## Work instructions
Only the count is wanted here: how many lines of the entries hold the string "False"?

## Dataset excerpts
Start of Block

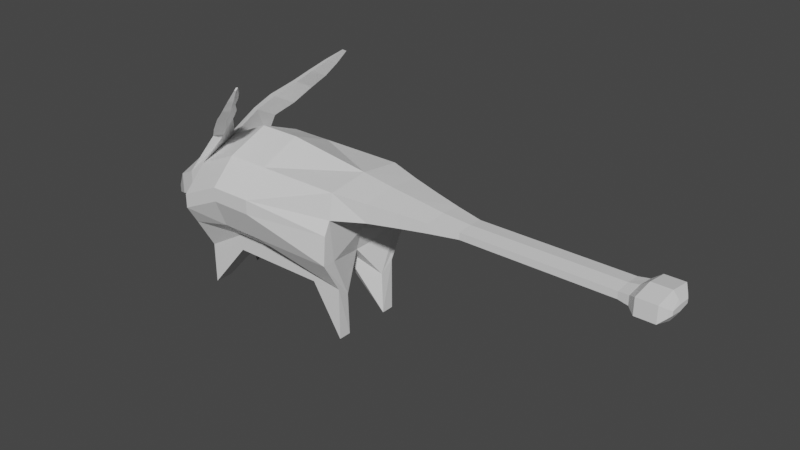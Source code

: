 # Source: creature.blend  (saved by Blender 2.82.7; exported with 4.5.12 LTS)
import bpy
from mathutils import Matrix  # noqa: F401  (used for matrix-valued properties, if any)

bpy.ops.wm.read_factory_settings(use_empty=True)
scene = bpy.context.scene
scene.name = 'Scene'

# ---- collections
col_collection = bpy.data.collections.new('Collection'); scene.collection.children.link(col_collection)

# ---- materials (node trees are filled in below, after node groups)
mat_material = bpy.data.materials.new('Material')
mat_material.alpha_threshold = 0.0
mat_material.use_transparent_shadow = False
mat_material.line_color = (0.0, 0.0, 0.0, 1.0)

# ---- material node trees
mat_material.use_nodes = True; mat_material.node_tree.nodes.clear()
_N = mat_material.node_tree.nodes; _L = mat_material.node_tree.links
n0 = _N.new('ShaderNodeOutputMaterial'); n0.name = 'Material Output'; n0.location = (300, 300)
n1 = _N.new('ShaderNodeBsdfPrincipled'); n1.name = 'Principled BSDF'; n1.location = (10, 300)
n1.distribution = 'GGX'
n1.subsurface_method = 'BURLEY'
n1.inputs[2].default_value = 0.4
n1.inputs[3].default_value = 1.45
n1.inputs[27].default_value = (0.0, 0.0, 0.0, 1.0)
n1.inputs[28].default_value = 1.0
_L.new(n1.outputs[0], n0.inputs[0])
n0.is_active_output = True

# ---- world
world_world = bpy.data.worlds.new('World'); scene.world = world_world
world_world.use_nodes = True; world_world.node_tree.nodes.clear()
_N = world_world.node_tree.nodes; _L = world_world.node_tree.links
n0 = _N.new('ShaderNodeOutputWorld'); n0.name = 'World Output'; n0.location = (300, 300)
n1 = _N.new('ShaderNodeBackground'); n1.name = 'Background'; n1.location = (10, 300)
n1.inputs[0].default_value = (0.05088, 0.05088, 0.05088, 1.0)
_L.new(n1.outputs[0], n0.inputs[0])
n0.is_active_output = True
world_world.color = (0.05088, 0.05088, 0.05088)
world_world.use_sun_shadow = False
world_world.sun_shadow_jitter_overblur = 0.0

# ---- meshes
me_cube = bpy.data.meshes.new('Cube')
me_cube.from_pydata([(1.0, -0.5508, 0.5), (1.0, -0.4401, -1.0), (-1.0, -0.7885, 0.2807), (-1.0, -0.4401, -1.0), (-1.0, -0.217, -1.0), (1.0, 0.0, 0.8588), (-1.0, 0.0, 0.7682), (0.6479, 0.0, -0.1497), (-1.0, -0.2842, -1.0), (1.0, -0.5, 0.7977), (-1.0, -0.5, 0.5659), (1.0, -0.2842, -1.0), (0.0, -0.7885, 0.5124), (0.6314, -0.4401, -0.4045), (0.6314, -0.121, -0.4045), (0.0, 0.0, 1.0), (0.6314, -0.2842, -0.4045), (0.0, -0.5, 0.7977), (-1.0, -0.6559, -0.1163), (1.0, -0.6559, 0.0), (0.9556, 0.0, 0.1831), (-1.0, 0.0, -0.1163), (-1.0, -0.5, -0.1163), (1.0, -0.5, 0.0), (0.0, -0.6559, 0.0), (-1.0, -0.7885, 0.1111), (1.0, -0.6277, 0.3428), (1.0, 0.0, 0.3637), (-1.0, 0.0, 0.2682), (-1.0, -0.5, 0.2682), (1.0, -0.5508, 0.5), (0.0, -0.7885, 0.3428), (1.0, -0.4401, -0.3737), (0.8713, 0.0, -0.1064), (-1.0, 0.0, -0.4135), (-1.0, -0.2842, -0.5), (0.9856, -0.2842, -0.5), (0.0, -0.4401, -0.2077), (-1.0, -0.4401, -0.5), (-0.5, -0.7885, 0.5124), (-0.5, -0.121, -0.4045), (-0.5, -0.2842, -0.4045), (-0.5, -0.4401, -0.4045), (-0.5, 0.0, 1.0), (-0.5, -0.5, 0.7977), (-0.5, -0.6559, 0.0), (-0.5, -0.7885, 0.3428), (-0.5, -0.4401, -0.2077), (-1.668, -0.2017, 0.03732), (-1.668, -0.3261, 0.03442), (-1.668, -0.1739, -0.05616), (-1.668, -0.3261, -0.05616), (-1.223, -0.5, 0.1071), (-1.223, 0.0, 0.2333), (-1.223, 0.0, 0.6071), (-1.223, -0.5, 0.4048), (-1.444, -0.4585, 0.0435), (-1.444, -0.04152, 0.4605), (-1.444, -0.0731, 0.09724), (-1.444, -0.4585, 0.2918), (-1.695, -0.2335, 0.009522), (-1.695, -0.2665, 0.01101), (-1.695, -0.2335, -0.008673), (-1.695, -0.2665, -0.008673), (1.379, 0.0, 0.8008), (1.379, -0.4013, 0.7552), (1.379, 0.0, 0.4312), (1.379, -0.4013, 0.533), (1.726, 0.0, 0.7586), (1.726, -0.3177, 0.7243), (1.726, 0.0, 0.4803), (1.726, -0.3177, 0.5569), (2.055, 0.0, 0.7166), (2.055, -0.2493, 0.6935), (2.055, 0.0, 0.5292), (2.055, -0.2493, 0.5808), (2.388, 0.0, 0.6926), (2.388, -0.1744, 0.6759), (2.388, 0.0, 0.5573), (2.388, -0.1744, 0.5945), (2.519, 0.0, 0.6926), (2.519, -0.1744, 0.6759), (2.519, 0.0, 0.5573), (2.519, -0.1744, 0.5945), (2.643, 0.0, 0.6926), (2.643, -0.1744, 0.6759), (2.643, 0.0, 0.5573), (2.643, -0.1744, 0.5945), (2.777, 0.0, 0.6926), (2.777, -0.1744, 0.6759), (2.777, 0.0, 0.5573), (2.777, -0.1744, 0.5945), (2.909, 0.0, 0.6926), (2.909, -0.1744, 0.6759), (2.909, 0.0, 0.5573), (2.909, -0.1744, 0.5945), (3.017, 0.0, 0.6926), (3.017, -0.1744, 0.6759), (3.017, 0.0, 0.5573), (3.017, -0.1744, 0.5945), (3.126, 0.0, 0.6926), (3.126, -0.1744, 0.6759), (3.126, 0.0, 0.5573), (3.126, -0.1744, 0.5945), (3.237, 0.0, 0.6926), (3.237, -0.1744, 0.6759), (3.237, 0.0, 0.5573), (3.237, -0.1744, 0.5945), (3.337, 0.0, 0.6926), (3.337, -0.1744, 0.6759), (3.337, 0.0, 0.5573), (3.337, -0.1744, 0.5945), (3.441, 0.0, 0.6926), (3.441, -0.1744, 0.6759), (3.441, 0.0, 0.5573), (3.441, -0.1744, 0.5945), (3.545, 0.0, 0.6926), (3.545, -0.1744, 0.6759), (3.545, 0.0, 0.5573), (3.545, -0.1744, 0.5945), (3.639, 0.0, 0.6926), (3.639, -0.1744, 0.6759), (3.639, 0.0, 0.5573), (3.639, -0.1744, 0.5945), (3.734, 0.0, 0.6926), (3.734, -0.1744, 0.6759), (3.734, 0.0, 0.5573), (3.734, -0.1744, 0.5945), (3.836, 0.0, 0.6926), (3.836, -0.1744, 0.6759), (3.836, 0.0, 0.5573), (3.836, -0.1744, 0.5945), (3.935, 0.0, 0.6926), (3.935, -0.1744, 0.6759), (3.935, 0.0, 0.5573), (3.935, -0.1744, 0.5945), (4.043, 0.0, 0.6926), (4.043, -0.1744, 0.6759), (4.043, 0.0, 0.5573), (4.043, -0.1744, 0.5945), (4.149, 0.0, 0.6926), (4.149, -0.1744, 0.6759), (4.149, 0.0, 0.5573), (4.149, -0.1744, 0.5945), (4.27, 0.0, 0.711), (4.27, -0.1931, 0.6886), (4.27, 0.0, 0.5388), (4.27, -0.1931, 0.5818), (4.359, 0.0, 0.7771), (4.359, -0.2638, 0.7379), (4.359, 0.0, 0.4588), (4.359, -0.2638, 0.5464), (4.587, 0.0, 0.7771), (4.587, -0.2638, 0.7379), (4.587, 0.0, 0.4588), (4.587, -0.2638, 0.5464), (4.645, 0.0, 0.7057), (4.645, -0.1831, 0.681), (4.645, 0.0, 0.5441), (4.645, -0.1831, 0.5894), (4.671, 0.0, 0.6654), (4.671, -0.1389, 0.656), (4.671, 0.0, 0.5888), (4.671, -0.1389, 0.6099), (-0.7922, -0.1887, 1.062), (-0.7314, -0.3994, 0.9457), (-0.9049, -0.2424, 1.041), (-0.8442, -0.4531, 0.9247), (-0.6077, -0.289, 1.239), (-0.5391, -0.5269, 1.108), (-0.735, -0.3496, 1.216), (-0.6664, -0.5875, 1.085), (-0.4212, -0.4683, 1.403), (-0.3676, -0.6541, 1.301), (-0.5206, -0.5156, 1.385), (-0.4671, -0.7014, 1.283), (-0.2597, -0.5605, 1.544), (-0.2125, -0.7243, 1.453), (-0.3474, -0.6022, 1.527), (-0.3002, -0.7661, 1.437), (-0.1186, -0.6718, 1.674), (-0.08661, -0.7829, 1.613), (-0.1781, -0.7001, 1.663), (-0.1461, -0.8112, 1.602), (0.008013, -0.7919, 1.789), (0.01876, -0.8292, 1.768), (-0.01194, -0.8014, 1.785), (-0.001192, -0.8387, 1.764)], [], [(44, 10, 2, 39), (46, 39, 2, 25), (16, 11, 1, 13), (30, 9, 0), (58, 56, 51, 50), (25, 2, 10, 29), (9, 30, 67, 65), (14, 7, 11, 16), (43, 6, 10, 44), (5, 15, 17, 9), (40, 14, 16, 41), (41, 16, 13, 42), (26, 0, 12, 31), (9, 17, 12, 0), (32, 19, 24, 37), (33, 20, 23, 36), (38, 18, 22, 35), (35, 22, 21, 34), (36, 23, 19, 32), (47, 45, 18, 38), (19, 26, 31, 24), (20, 27, 30, 23), (18, 25, 29, 22), (22, 29, 28, 21), (23, 30, 26, 19), (45, 46, 25, 18), (42, 47, 38, 3), (11, 36, 32, 1), (8, 35, 34, 4), (3, 38, 35, 8), (7, 33, 36, 11), (1, 32, 37, 13), (13, 37, 47, 42), (24, 31, 46, 45), (37, 24, 45, 47), (8, 41, 42, 3), (4, 40, 41, 8), (15, 43, 44, 17), (31, 12, 39, 46), (17, 44, 39, 12), (51, 49, 61, 63), (59, 57, 48, 49), (56, 59, 49, 51), (57, 58, 50, 48), (6, 28, 53, 54), (29, 10, 55, 52), (10, 6, 164, 165), (28, 29, 52, 53), (54, 53, 58, 57), (52, 55, 59, 56), (55, 54, 57, 59), (53, 52, 56, 58), (63, 61, 60, 62), (49, 48, 60, 61), (50, 51, 63, 62), (48, 50, 62, 60), (67, 66, 70, 71), (30, 27, 66, 67), (5, 9, 65, 64), (27, 5, 64, 66), (69, 71, 75, 73), (66, 64, 68, 70), (65, 67, 71, 69), (64, 65, 69, 68), (73, 75, 79, 77), (68, 69, 73, 72), (71, 70, 74, 75), (70, 68, 72, 74), (26, 30, 0), (77, 79, 83, 81), (72, 73, 77, 76), (75, 74, 78, 79), (74, 72, 76, 78), (83, 82, 86, 87), (76, 77, 81, 80), (79, 78, 82, 83), (78, 76, 80, 82), (85, 87, 91, 89), (82, 80, 84, 86), (81, 83, 87, 85), (80, 81, 85, 84), (89, 91, 95, 93), (84, 85, 89, 88), (87, 86, 90, 91), (86, 84, 88, 90), (95, 94, 98, 99), (88, 89, 93, 92), (91, 90, 94, 95), (90, 88, 92, 94), (97, 99, 103, 101), (94, 92, 96, 98), (93, 95, 99, 97), (92, 93, 97, 96), (100, 101, 105, 104), (96, 97, 101, 100), (99, 98, 102, 103), (98, 96, 100, 102), (107, 106, 110, 111), (103, 102, 106, 107), (102, 100, 104, 106), (101, 103, 107, 105), (109, 111, 115, 113), (106, 104, 108, 110), (105, 107, 111, 109), (104, 105, 109, 108), (115, 114, 118, 119), (108, 109, 113, 112), (111, 110, 114, 115), (110, 108, 112, 114), (118, 116, 120, 122), (114, 112, 116, 118), (113, 115, 119, 117), (112, 113, 117, 116), (121, 123, 127, 125), (117, 119, 123, 121), (116, 117, 121, 120), (119, 118, 122, 123), (127, 126, 130, 131), (120, 121, 125, 124), (123, 122, 126, 127), (122, 120, 124, 126), (129, 131, 135, 133), (126, 124, 128, 130), (125, 127, 131, 129), (124, 125, 129, 128), (133, 135, 139, 137), (128, 129, 133, 132), (131, 130, 134, 135), (130, 128, 132, 134), (139, 138, 142, 143), (132, 133, 137, 136), (135, 134, 138, 139), (134, 132, 136, 138), (141, 143, 147, 145), (138, 136, 140, 142), (137, 139, 143, 141), (136, 137, 141, 140), (144, 145, 149, 148), (140, 141, 145, 144), (143, 142, 146, 147), (142, 140, 144, 146), (151, 150, 154, 155), (147, 146, 150, 151), (146, 144, 148, 150), (145, 147, 151, 149), (153, 155, 159, 157), (150, 148, 152, 154), (149, 151, 155, 153), (148, 149, 153, 152), (159, 158, 162, 163), (152, 153, 157, 156), (155, 154, 158, 159), (154, 152, 156, 158), (162, 160, 161, 163), (158, 156, 160, 162), (157, 159, 163, 161), (156, 157, 161, 160), (164, 166, 170, 168), (55, 10, 165, 167), (54, 55, 167, 166), (6, 54, 166, 164), (170, 171, 175, 174), (165, 164, 168, 169), (166, 167, 171, 170), (167, 165, 169, 171), (172, 174, 178, 176), (171, 169, 173, 175), (168, 170, 174, 172), (169, 168, 172, 173), (176, 178, 182, 180), (173, 172, 176, 177), (174, 175, 179, 178), (175, 173, 177, 179), (182, 183, 187, 186), (177, 176, 180, 181), (178, 179, 183, 182), (179, 177, 181, 183), (185, 184, 186, 187), (183, 181, 185, 187), (180, 182, 186, 184), (181, 180, 184, 185)])
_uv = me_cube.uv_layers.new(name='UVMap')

End of Block

## Response area
2